FluSplat: Sparse-View 3D Editing without Test-Time Optimization
This addresses the problem of slow and inconsistent 3D editing for applications requiring real-time or efficient manipulation, though it is incremental as it builds on existing 3D Gaussian Splatting and diffusion editing methods.
The paper tackles the problem of computationally expensive and inconsistent 3D scene editing from sparse views by proposing a feed-forward framework that eliminates test-time optimization. The result is competitive editing fidelity with substantially improved cross-view consistency and inference time reduced by orders of magnitude.
Recent advances in text-guided image editing and 3D Gaussian Splatting (3DGS) have enabled high-quality 3D scene manipulation. However, existing pipelines rely on iterative edit-and-fit optimization at test time, alternating between 2D diffusion editing and 3D reconstruction. This process is computationally expensive, scene-specific, and prone to cross-view inconsistencies.
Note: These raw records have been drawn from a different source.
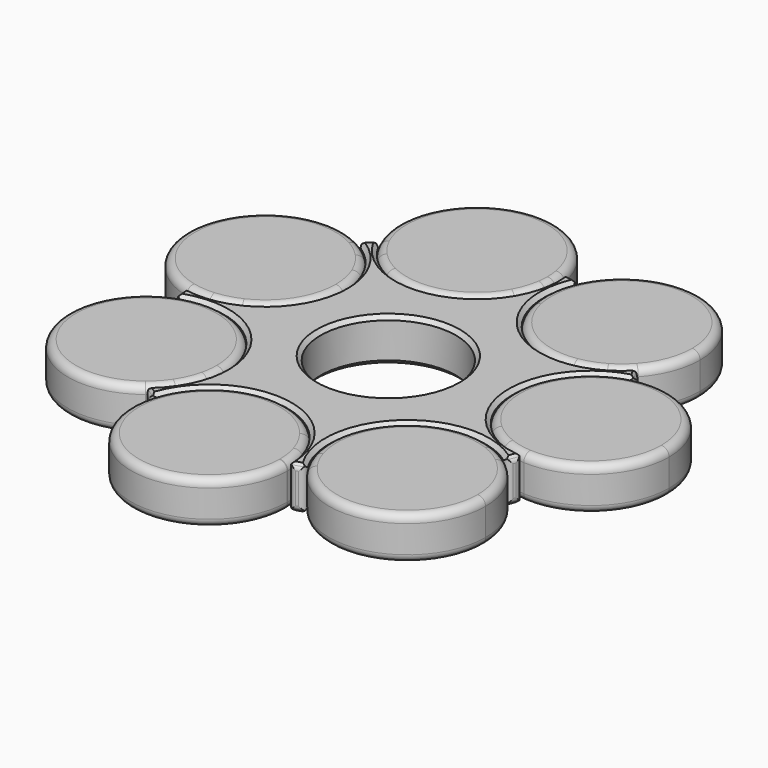
from build123d import *

# Parameters (mm, degrees)
F1_DEPTH     = 6.985
F0_R         = 15.875
F0_R_2       = 10.9855
F2_DEPTH     = 6.985
F3_T2_ANGLE  = 10.7784888428
F3_T4_ANGLE  = 179.0403967625
F3_T6_ANGLE  = 10.7784888428
F3_T8_ANGLE  = 179.0403967625
F3_T10_ANGLE = 10.7784888428
F3_T12_ANGLE = 179.0403967625
F3_T14_ANGLE = 10.7784888428
F3_T16_ANGLE = 179.0403967625
F3_T18_ANGLE = 10.7784888428
F3_T20_ANGLE = 179.0403967625
F3_T22_ANGLE = 10.7784888428
F3_T24_ANGLE = 179.0403967625
F3_T26_ANGLE = 10.7784888428
F3_T28_ANGLE = 179.0403967625
F3_T32_ANGLE = 10.7784888428
F3_T34_ANGLE = 179.0403967625
F3_T36_ANGLE = 10.7784888428
F3_T38_ANGLE = 179.0403967625
F3_T40_ANGLE = 10.7784888428
F3_T42_ANGLE = 179.0403967625
F3_T44_ANGLE = 10.7784888428
F3_T46_ANGLE = 179.0403967625
F3_T48_ANGLE = 10.7784888428
F3_T50_ANGLE = 179.0403967625
F3_T52_ANGLE = 10.7784888428
F3_T54_ANGLE = 179.0403967625
F3_T56_ANGLE = 10.7784888428
F3_T58_ANGLE = 179.0403967625
F4_T1_DEPTH  = 11.476520757
F4_T4_ANGLE  = 8.2156622332
F4_T6_ANGLE  = 8.2156622332
F4_T8_ANGLE  = 8.2156622332
F4_T10_ANGLE = 8.2156622332
F4_T12_ANGLE = 8.2156622332
F4_T14_ANGLE = 8.2156622332
F4_T16_ANGLE = 8.2156622332
F4_T18_ANGLE = 8.2156622332
F4_T20_ANGLE = 8.2156622332
F4_T22_ANGLE = 8.2156622332
F4_T24_ANGLE = 8.2156622332
F4_T26_ANGLE = 8.2156622332
F4_T28_ANGLE = 8.2156622332
F4_T30_ANGLE = 8.2156622332
F5_R         = 1.27
F5_2_R       = 1.27
F5_3_R       = 1.27
F5_4_R       = 1.27
F5_5_R       = 1.27
F5_6_R       = 1.27
F5_7_R       = 1.27


# Not quite as in the source:
# - a fillet or chamfer that OpenCascade refuses, or shapes differently, is made with other operations: its cross-section is extruded or revolved along the edge and cut away or added


with BuildPart() as f1:
    # F0 (on Top) → F1 (new body)
    with BuildSketch(Plane.XY):
        with BuildLine():
            ThreePointArc((-31.8336497569, -1.1619456784), (-29.7046840268, 11.5049172734), (-22.7461292131, 22.3012327108))
            ThreePointArc((-22.7461292131, 22.3012327108), (-40.7515737087, 15.7834866669), (-31.8336497569, -1.1619456784))
        make_face()
        with BuildLine():
            ThreePointArc((-17.1737559346, 16.0524405428), (-18.2331812497, 18.0756914999), (-19.6378436355, 19.8764829968))
            Line((-19.6378436355, 19.8764829968), (-28.9088086479, 11.1966668848))
            Line((-28.9088086479, 11.1966668848), (-27.9030072881, -1.4634422626))
            ThreePointArc((-27.9030072881, -1.4634422626), (-25.6518255474, -1.0785952746), (-23.5059707598, -0.2967809336))
            ThreePointArc((-23.5059707598, -0.2967809336), (-21.9210926211, 8.4902555072), (-17.1737559346, 16.0524405428))
        make_face()
        with BuildLine():
            ThreePointArc((-16.2088086479, 11.1966668848), (-16.4523812014, 13.6720285293), (-17.1737559346, 16.0524405428))
            ThreePointArc((-17.1737559346, 16.0524405428), (-21.9210926211, 8.4902555072), (-23.5059707598, -0.2967809336))
            ThreePointArc((-23.5059707598, -0.2967809336), (-18.1871940032, 4.3895397808), (-16.2088086479, 11.1966668848))
        make_face()
        with BuildLine():
            Line((-28.9088086479, 11.1966668848), (-19.6378436355, 19.8764829968))
            ThreePointArc((-19.6378436355, 19.8764829968), (-21.0973300411, 21.2101978293), (-22.7461292131, 22.3012327108))
            ThreePointArc((-22.7461292131, 22.3012327108), (-29.7046840268, 11.5049172734), (-31.8336497569, -1.1619456784))
            ThreePointArc((-31.8336497569, -1.1619456784), (-29.8800982223, -1.4661367764), (-27.9030072881, -1.4634422626))
            Line((-27.9030072881, -1.4634422626), (-28.9088086479, 11.1966668848))
        make_face()
    extrude(amount=F1_DEPTH)

    # F5
    f5_edges = [f1.edges().sort_by_distance(p)[0] for p in [
        (-25.983968, 23.555279, 6.985),
        (-25.983968, 23.555279, 0),
    ]]
    fillet(f5_edges, radius=F5_R)


with BuildPart() as f1b:
    # F0 (on Top) → F1, piece 2 (new body)
    with BuildSketch(Plane.XY):
        with BuildLine():
            ThreePointArc((-14.8877657288, 18.1926680805), (-5.4727175753, 17.4639424179), (1.8426417019, 23.4355160353))
            ThreePointArc((1.8426417019, 23.4355160353), (-7.0296286451, 22.4321880652), (-14.8877657288, 18.1926680805))
        make_face()
        with BuildLine():
            ThreePointArc((-20.7564016916, 24.164088301), (-9.5256610306, 30.3972557401), (3.253826235, 31.6882310872))
            ThreePointArc((3.253826235, 31.6882310872), (-13.0681638378, 41.7017062602), (-20.7564016916, 24.164088301))
        make_face()
        with BuildLine():
            Line((-9.2704407066, 29.582824339), (3.2960649305, 27.7462688473))
            ThreePointArc((3.2960649305, 27.7462688473), (3.3961417368, 28.6621239509), (3.4295592934, 29.582824339))
            ThreePointArc((3.4295592934, 29.582824339), (3.3855497754, 30.6391883486), (3.253826235, 31.6882310872))
            ThreePointArc((3.253826235, 31.6882310872), (-9.5256610306, 30.3972557401), (-20.7564016916, 24.164088301))
            ThreePointArc((-20.7564016916, 24.164088301), (-19.7762084095, 22.4470801612), (-18.541405719, 20.903008227))
            Line((-18.541405719, 20.903008227), (-9.2704407066, 29.582824339))
        make_face()
        with BuildLine():
            ThreePointArc((1.8426417019, 23.4355160353), (2.7639421174, 25.5252844383), (3.2960649305, 27.7462688473))
            Line((3.2960649305, 27.7462688473), (-9.2704407066, 29.582824339))
            Line((-9.2704407066, 29.582824339), (-18.541405719, 20.903008227))
            ThreePointArc((-18.541405719, 20.903008227), (-16.8369313704, 19.3829116417), (-14.8877657288, 18.1926680805))
            ThreePointArc((-14.8877657288, 18.1926680805), (-7.0296286451, 22.4321880652), (1.8426417019, 23.4355160353))
        make_face()
    extrude(amount=F1_DEPTH)

    # F5#2
    f5_2_edges = [f1b.edges().sort_by_distance(p)[0] for p in [
        (-20.383523, 35.730133, 6.985),
        (-20.383523, 35.730133, 0),
    ]]
    fillet(f5_2_edges, radius=F5_2_R)


with BuildPart() as f1c:
    # F0 (on Top) → F1, piece 3 (new body)
    with BuildSketch(Plane.XY):
        with BuildLine():
            ThreePointArc((4.941230551, 22.9826669671), (10.2416763937, 15.1673328929), (19.4714925539, 13.1711699558))
            ThreePointArc((19.4714925539, 13.1711699558), (13.1552890789, 19.4822254768), (4.941230551, 22.9826669671))
        make_face()
        with BuildLine():
            ThreePointArc((5.9508402008, 31.2940709321), (17.8263790097, 26.3998406435), (26.8035841622, 17.2133451328))
            ThreePointArc((26.8035841622, 17.2133451328), (29.2097507524, 21.1530342996), (30.0487581693, 25.6925116863))
            ThreePointArc((30.0487581693, 25.6925116863), (20.2242095948, 38.0627088998), (5.9508402008, 31.2940709321))
        make_face()
        with BuildLine():
            Line((4.7822525323, 27.529067178), (17.3487581693, 25.6925116863))
            Line((17.3487581693, 25.6925116863), (23.7479693763, 14.7225483351))
            ThreePointArc((23.7479693763, 14.722548335), (25.3730114714, 15.8486628992), (26.8035841622, 17.2133451328))
            ThreePointArc((26.8035841622, 17.2133451328), (17.8263790097, 26.3998406435), (5.9508402008, 31.2940709321))
            ThreePointArc((5.9508402008, 31.2940709321), (5.2195696967, 29.4571879004), (4.7822525323, 27.529067178))
        make_face()
        with BuildLine():
            Line((23.7479693763, 14.7225483351), (17.3487581693, 25.6925116863))
            Line((17.3487581693, 25.6925116863), (4.7822525323, 27.529067178))
            ThreePointArc((4.7822525323, 27.529067178), (4.6565155393, 25.2486907525), (4.941230551, 22.9826669671))
            ThreePointArc((4.941230551, 22.9826669671), (13.1552890789, 19.4822254768), (19.4714925539, 13.1711699558))
            ThreePointArc((19.4714925539, 13.1711699558), (21.6797606959, 13.7538175737), (23.7479693763, 14.722548335))
        make_face()
    extrude(amount=F1_DEPTH)

    # F5#3
    f5_3_edges = [f1c.edges().sort_by_distance(p)[0] for p in [
        (15.226024, 38.213853, 6.985),
        (15.226024, 38.213853, 0),
    ]]
    fillet(f5_3_edges, radius=F5_3_R)


with BuildPart() as f1d:
    # F0 (on Top) → F1, piece 4 (new body)
    with BuildSketch(Plane.XY):
        with BuildLine():
            ThreePointArc((-16.6806043295, -27.1383273951), (-6.3196834612, -43.2420028682), (8.2164667494, -30.776956457))
            ThreePointArc((8.2164667494, -30.776956457), (-4.6065509447, -31.5200105171), (-16.6806043295, -27.1383273951))
        make_face()
        with BuildLine():
            ThreePointArc((8.2168720305, -30.6754972311), (8.0707519168, -28.754533983), (7.6357539516, -26.8777740999))
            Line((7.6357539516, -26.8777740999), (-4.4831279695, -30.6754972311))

We propose a feed-forward framework for cross-view consistent 3D scene editing from sparse views. Instead of enforcing consistency through iterative 3D refinement, we introduce a cross-view regularization scheme in the image domain during training. By jointly supervising multi-view edits with geometric alignment constraints, our model produces view-consistent results without per-scene optimization at inference. The edited views are then lifted into 3D via a feedforward 3DGS model, yielding a coherent 3DGS representation in a single forward pass. Experiments demonstrate competitive editing fidelity and substantially improved cross-view consistency compared to optimization-based methods, while reducing inference time by orders of magnitude.